(Collected data)
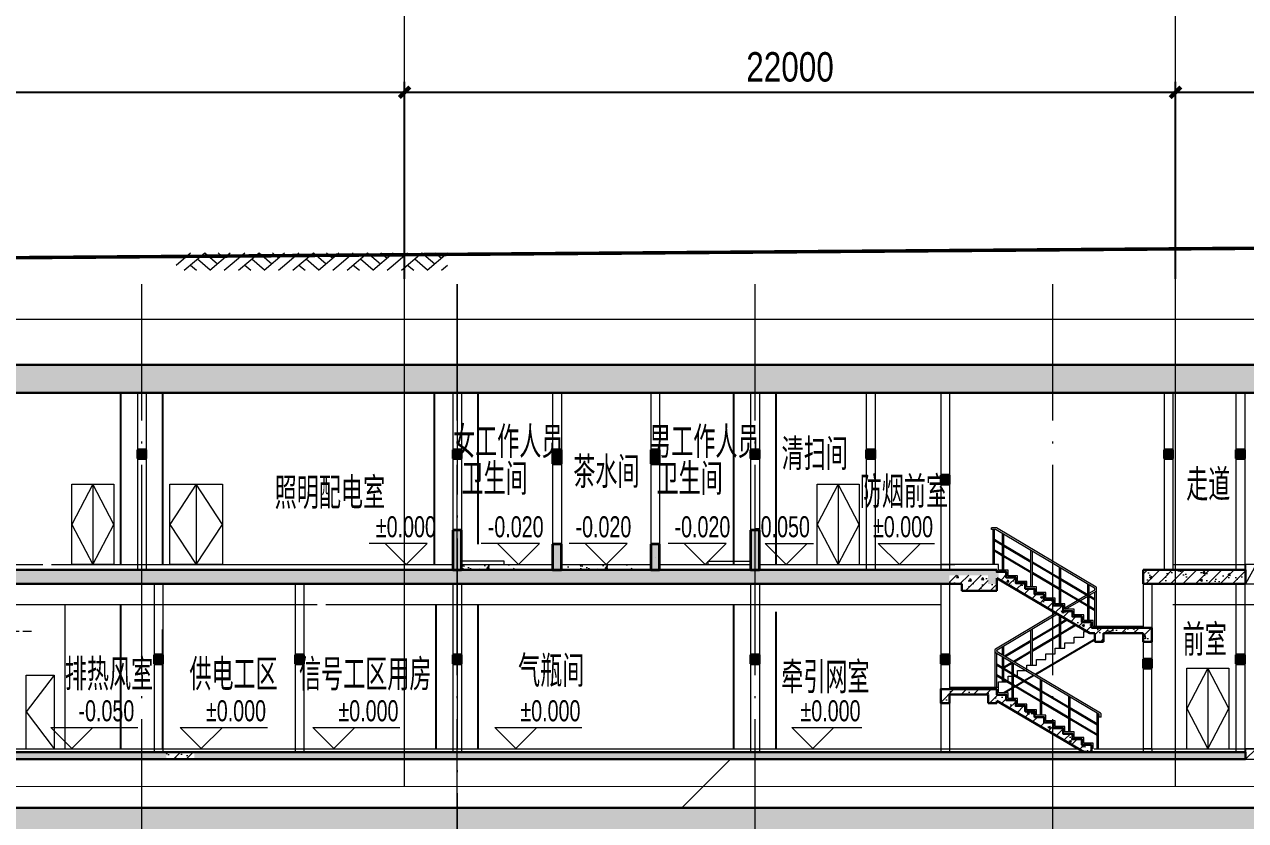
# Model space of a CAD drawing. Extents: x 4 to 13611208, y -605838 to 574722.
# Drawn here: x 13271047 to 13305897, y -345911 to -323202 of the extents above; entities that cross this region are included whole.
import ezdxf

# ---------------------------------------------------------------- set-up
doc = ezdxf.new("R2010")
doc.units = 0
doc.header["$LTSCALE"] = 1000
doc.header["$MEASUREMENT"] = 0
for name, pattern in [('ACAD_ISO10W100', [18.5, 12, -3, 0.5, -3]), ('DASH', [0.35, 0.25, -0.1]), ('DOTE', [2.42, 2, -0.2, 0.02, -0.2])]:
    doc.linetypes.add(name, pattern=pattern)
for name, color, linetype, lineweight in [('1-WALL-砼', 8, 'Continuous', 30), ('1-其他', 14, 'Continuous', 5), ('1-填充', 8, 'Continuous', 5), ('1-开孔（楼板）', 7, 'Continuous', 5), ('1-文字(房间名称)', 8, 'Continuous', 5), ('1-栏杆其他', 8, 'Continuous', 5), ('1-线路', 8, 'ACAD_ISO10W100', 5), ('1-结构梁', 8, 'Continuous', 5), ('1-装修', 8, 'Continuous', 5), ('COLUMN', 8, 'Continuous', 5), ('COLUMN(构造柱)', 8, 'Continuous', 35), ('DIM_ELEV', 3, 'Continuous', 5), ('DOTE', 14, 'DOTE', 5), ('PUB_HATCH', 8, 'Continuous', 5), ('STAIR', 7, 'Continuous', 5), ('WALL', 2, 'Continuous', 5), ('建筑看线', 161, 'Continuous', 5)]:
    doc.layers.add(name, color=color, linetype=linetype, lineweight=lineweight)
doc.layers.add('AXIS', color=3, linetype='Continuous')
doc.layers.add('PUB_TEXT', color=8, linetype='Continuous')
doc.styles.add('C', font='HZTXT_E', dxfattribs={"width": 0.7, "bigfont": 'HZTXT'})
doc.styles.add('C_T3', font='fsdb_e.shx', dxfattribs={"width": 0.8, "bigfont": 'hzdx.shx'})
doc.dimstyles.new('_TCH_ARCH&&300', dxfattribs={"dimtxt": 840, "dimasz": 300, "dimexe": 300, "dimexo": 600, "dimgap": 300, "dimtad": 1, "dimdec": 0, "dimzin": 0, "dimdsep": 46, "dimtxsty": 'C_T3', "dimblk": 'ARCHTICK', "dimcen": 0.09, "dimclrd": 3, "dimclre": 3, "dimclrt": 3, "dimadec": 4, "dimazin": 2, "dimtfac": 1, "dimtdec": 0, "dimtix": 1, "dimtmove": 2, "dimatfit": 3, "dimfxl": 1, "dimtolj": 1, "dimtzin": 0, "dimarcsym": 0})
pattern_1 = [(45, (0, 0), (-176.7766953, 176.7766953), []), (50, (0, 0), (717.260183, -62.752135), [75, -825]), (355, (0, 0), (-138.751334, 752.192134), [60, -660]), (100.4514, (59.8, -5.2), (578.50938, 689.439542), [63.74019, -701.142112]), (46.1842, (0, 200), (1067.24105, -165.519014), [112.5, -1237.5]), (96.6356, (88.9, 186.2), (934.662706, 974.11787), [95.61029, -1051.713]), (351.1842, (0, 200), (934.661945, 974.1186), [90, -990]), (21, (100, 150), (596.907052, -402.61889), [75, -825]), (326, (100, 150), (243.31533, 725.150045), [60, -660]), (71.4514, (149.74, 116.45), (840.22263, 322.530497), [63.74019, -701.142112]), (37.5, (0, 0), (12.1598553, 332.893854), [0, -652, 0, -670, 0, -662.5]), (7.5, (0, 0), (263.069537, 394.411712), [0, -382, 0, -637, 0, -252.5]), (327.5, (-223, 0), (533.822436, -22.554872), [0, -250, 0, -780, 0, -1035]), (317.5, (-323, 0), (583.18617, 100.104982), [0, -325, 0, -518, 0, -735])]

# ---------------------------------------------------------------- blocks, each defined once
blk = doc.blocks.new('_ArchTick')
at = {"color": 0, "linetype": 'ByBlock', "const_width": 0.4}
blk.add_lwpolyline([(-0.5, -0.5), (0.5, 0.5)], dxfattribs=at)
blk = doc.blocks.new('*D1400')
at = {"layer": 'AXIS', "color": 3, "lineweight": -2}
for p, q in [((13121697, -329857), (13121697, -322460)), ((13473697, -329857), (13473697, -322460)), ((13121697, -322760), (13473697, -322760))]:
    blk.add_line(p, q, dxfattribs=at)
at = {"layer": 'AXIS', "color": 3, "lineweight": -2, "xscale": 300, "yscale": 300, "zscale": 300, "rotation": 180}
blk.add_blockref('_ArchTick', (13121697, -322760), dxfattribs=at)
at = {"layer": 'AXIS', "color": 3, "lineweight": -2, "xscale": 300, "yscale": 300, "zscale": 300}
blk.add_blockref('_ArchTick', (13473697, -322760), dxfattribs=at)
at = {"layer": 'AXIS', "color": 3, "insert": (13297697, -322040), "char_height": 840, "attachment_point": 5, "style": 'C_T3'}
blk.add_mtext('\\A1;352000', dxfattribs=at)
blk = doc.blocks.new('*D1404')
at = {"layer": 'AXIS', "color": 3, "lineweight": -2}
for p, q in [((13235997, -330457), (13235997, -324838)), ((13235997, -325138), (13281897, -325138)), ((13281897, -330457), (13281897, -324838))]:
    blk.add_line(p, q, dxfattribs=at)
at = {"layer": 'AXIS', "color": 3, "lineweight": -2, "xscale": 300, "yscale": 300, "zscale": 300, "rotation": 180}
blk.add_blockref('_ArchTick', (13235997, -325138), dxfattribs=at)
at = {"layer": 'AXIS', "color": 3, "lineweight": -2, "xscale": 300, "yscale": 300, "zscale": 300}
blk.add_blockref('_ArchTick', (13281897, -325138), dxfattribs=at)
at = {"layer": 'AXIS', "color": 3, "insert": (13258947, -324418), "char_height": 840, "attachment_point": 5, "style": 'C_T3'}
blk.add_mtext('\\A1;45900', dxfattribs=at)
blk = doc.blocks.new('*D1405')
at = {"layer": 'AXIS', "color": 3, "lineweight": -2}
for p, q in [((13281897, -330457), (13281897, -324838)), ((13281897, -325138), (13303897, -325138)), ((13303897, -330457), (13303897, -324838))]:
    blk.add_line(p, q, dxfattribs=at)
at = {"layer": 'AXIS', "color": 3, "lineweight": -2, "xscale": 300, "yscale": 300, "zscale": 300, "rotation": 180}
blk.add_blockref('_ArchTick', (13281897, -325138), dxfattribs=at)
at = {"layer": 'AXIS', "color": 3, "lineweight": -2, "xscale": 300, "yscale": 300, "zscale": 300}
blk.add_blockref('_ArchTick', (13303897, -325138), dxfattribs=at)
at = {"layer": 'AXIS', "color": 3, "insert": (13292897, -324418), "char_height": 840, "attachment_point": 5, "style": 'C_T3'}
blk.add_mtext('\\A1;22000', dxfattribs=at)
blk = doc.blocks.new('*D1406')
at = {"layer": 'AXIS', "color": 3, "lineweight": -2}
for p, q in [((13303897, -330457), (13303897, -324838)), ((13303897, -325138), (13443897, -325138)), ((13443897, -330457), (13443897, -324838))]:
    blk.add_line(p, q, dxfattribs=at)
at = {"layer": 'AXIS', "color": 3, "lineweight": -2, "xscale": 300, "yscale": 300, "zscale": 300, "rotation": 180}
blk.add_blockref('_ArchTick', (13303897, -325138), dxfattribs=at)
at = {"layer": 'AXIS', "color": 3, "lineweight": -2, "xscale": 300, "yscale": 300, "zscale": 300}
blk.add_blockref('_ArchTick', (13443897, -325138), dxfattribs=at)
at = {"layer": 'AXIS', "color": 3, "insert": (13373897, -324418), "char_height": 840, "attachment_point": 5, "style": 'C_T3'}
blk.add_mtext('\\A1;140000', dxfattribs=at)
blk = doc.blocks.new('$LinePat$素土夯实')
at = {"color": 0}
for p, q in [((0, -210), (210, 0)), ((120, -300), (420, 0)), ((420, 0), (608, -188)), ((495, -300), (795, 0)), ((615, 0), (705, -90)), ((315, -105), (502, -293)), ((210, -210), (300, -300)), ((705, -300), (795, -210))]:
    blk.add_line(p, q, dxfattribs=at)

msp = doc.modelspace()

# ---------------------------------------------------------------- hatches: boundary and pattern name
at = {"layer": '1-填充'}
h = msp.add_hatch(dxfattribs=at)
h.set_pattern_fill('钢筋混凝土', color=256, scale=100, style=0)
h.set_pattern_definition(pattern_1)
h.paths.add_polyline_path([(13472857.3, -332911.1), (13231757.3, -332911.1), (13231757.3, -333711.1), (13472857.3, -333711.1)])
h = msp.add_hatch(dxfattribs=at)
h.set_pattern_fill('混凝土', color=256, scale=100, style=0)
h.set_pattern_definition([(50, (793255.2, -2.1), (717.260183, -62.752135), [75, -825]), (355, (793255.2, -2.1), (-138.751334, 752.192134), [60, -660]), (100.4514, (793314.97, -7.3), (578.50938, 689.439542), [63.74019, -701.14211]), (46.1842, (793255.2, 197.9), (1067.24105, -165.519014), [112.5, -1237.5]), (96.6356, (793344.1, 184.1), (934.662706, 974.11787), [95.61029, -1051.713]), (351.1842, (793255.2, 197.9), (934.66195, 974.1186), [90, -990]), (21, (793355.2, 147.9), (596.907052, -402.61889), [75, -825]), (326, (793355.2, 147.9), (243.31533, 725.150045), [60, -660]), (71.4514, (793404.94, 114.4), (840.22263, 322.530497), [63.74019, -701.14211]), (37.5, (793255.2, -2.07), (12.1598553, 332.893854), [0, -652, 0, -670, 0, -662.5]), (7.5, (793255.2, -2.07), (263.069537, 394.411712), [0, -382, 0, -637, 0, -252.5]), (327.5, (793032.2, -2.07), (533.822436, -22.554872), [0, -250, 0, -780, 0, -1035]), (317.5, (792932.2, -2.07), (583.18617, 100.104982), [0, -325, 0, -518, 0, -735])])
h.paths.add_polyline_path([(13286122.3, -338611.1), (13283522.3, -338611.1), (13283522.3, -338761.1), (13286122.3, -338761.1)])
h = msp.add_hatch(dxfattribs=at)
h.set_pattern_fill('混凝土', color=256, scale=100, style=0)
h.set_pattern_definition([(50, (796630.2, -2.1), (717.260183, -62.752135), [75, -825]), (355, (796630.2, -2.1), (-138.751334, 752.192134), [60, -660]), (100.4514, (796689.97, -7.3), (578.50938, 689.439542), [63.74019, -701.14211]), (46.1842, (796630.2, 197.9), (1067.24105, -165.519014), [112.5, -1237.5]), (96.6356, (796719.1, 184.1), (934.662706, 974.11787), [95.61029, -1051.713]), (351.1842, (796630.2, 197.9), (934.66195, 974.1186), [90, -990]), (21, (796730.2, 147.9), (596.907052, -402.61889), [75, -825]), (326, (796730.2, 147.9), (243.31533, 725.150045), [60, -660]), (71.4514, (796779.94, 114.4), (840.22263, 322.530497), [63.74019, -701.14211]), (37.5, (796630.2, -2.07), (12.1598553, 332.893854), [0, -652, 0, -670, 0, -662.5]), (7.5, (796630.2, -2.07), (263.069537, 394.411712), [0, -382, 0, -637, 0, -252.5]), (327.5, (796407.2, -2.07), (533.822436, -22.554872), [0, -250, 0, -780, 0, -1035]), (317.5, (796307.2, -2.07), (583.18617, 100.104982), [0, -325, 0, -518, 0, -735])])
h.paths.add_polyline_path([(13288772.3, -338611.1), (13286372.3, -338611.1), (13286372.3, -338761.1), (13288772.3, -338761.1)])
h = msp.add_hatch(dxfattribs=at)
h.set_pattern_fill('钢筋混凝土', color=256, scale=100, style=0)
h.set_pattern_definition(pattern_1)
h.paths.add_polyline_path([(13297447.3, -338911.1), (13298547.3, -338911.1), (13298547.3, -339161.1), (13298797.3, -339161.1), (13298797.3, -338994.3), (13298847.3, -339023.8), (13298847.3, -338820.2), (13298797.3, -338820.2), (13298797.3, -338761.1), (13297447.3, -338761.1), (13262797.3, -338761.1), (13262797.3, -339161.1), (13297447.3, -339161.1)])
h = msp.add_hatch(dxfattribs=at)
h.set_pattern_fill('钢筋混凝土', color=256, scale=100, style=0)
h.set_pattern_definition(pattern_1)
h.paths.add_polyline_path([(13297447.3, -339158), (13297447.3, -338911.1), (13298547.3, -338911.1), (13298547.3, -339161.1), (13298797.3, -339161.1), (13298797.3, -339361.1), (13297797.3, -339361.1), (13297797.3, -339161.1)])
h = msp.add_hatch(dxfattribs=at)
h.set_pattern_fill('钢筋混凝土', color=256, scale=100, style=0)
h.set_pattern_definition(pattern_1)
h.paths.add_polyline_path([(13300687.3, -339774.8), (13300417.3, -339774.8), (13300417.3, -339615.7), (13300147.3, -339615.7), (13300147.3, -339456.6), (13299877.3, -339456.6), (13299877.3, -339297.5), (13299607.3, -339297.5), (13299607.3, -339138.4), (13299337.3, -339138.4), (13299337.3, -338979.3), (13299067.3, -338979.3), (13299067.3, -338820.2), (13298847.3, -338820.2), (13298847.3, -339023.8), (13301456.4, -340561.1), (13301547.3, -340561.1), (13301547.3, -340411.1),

§ **ACTIVITY**
The reply should consist solely of the lines above from the one that has "-338761.1), (13286122.3, -338761.1)])" through the one that has "-339361.1), (13297797.3, -339161.1)])", reproduced exactly.

§ **OUTPUT OF THE EXERCISE**
h.paths.add_polyline_path([(13286122.3, -338611.1), (13283522.3, -338611.1), (13283522.3, -338761.1), (13286122.3, -338761.1)])
h = msp.add_hatch(dxfattribs=at)
h.set_pattern_fill('混凝土', color=256, scale=100, style=0)
h.set_pattern_definition([(50, (796630.2, -2.1), (717.260183, -62.752135), [75, -825]), (355, (796630.2, -2.1), (-138.751334, 752.192134), [60, -660]), (100.4514, (796689.97, -7.3), (578.50938, 689.439542), [63.74019, -701.14211]), (46.1842, (796630.2, 197.9), (1067.24105, -165.519014), [112.5, -1237.5]), (96.6356, (796719.1, 184.1), (934.662706, 974.11787), [95.61029, -1051.713]), (351.1842, (796630.2, 197.9), (934.66195, 974.1186), [90, -990]), (21, (796730.2, 147.9), (596.907052, -402.61889), [75, -825]), (326, (796730.2, 147.9), (243.31533, 725.150045), [60, -660]), (71.4514, (796779.94, 114.4), (840.22263, 322.530497), [63.74019, -701.14211]), (37.5, (796630.2, -2.07), (12.1598553, 332.893854), [0, -652, 0, -670, 0, -662.5]), (7.5, (796630.2, -2.07), (263.069537, 394.411712), [0, -382, 0, -637, 0, -252.5]), (327.5, (796407.2, -2.07), (533.822436, -22.554872), [0, -250, 0, -780, 0, -1035]), (317.5, (796307.2, -2.07), (583.18617, 100.104982), [0, -325, 0, -518, 0, -735])])
h.paths.add_polyline_path([(13288772.3, -338611.1), (13286372.3, -338611.1), (13286372.3, -338761.1), (13288772.3, -338761.1)])
h = msp.add_hatch(dxfattribs=at)
h.set_pattern_fill('钢筋混凝土', color=256, scale=100, style=0)
h.set_pattern_definition(pattern_1)
h.paths.add_polyline_path([(13297447.3, -338911.1), (13298547.3, -338911.1), (13298547.3, -339161.1), (13298797.3, -339161.1), (13298797.3, -338994.3), (13298847.3, -339023.8), (13298847.3, -338820.2), (13298797.3, -338820.2), (13298797.3, -338761.1), (13297447.3, -338761.1), (13262797.3, -338761.1), (13262797.3, -339161.1), (13297447.3, -339161.1)])
h = msp.add_hatch(dxfattribs=at)
h.set_pattern_fill('钢筋混凝土', color=256, scale=100, style=0)
h.set_pattern_definition(pattern_1)
h.paths.add_polyline_path([(13297447.3, -339158), (13297447.3, -338911.1), (13298547.3, -338911.1), (13298547.3, -339161.1), (13298797.3, -339161.1), (13298797.3, -339361.1), (13297797.3, -339361.1), (13297797.3, -339161.1)])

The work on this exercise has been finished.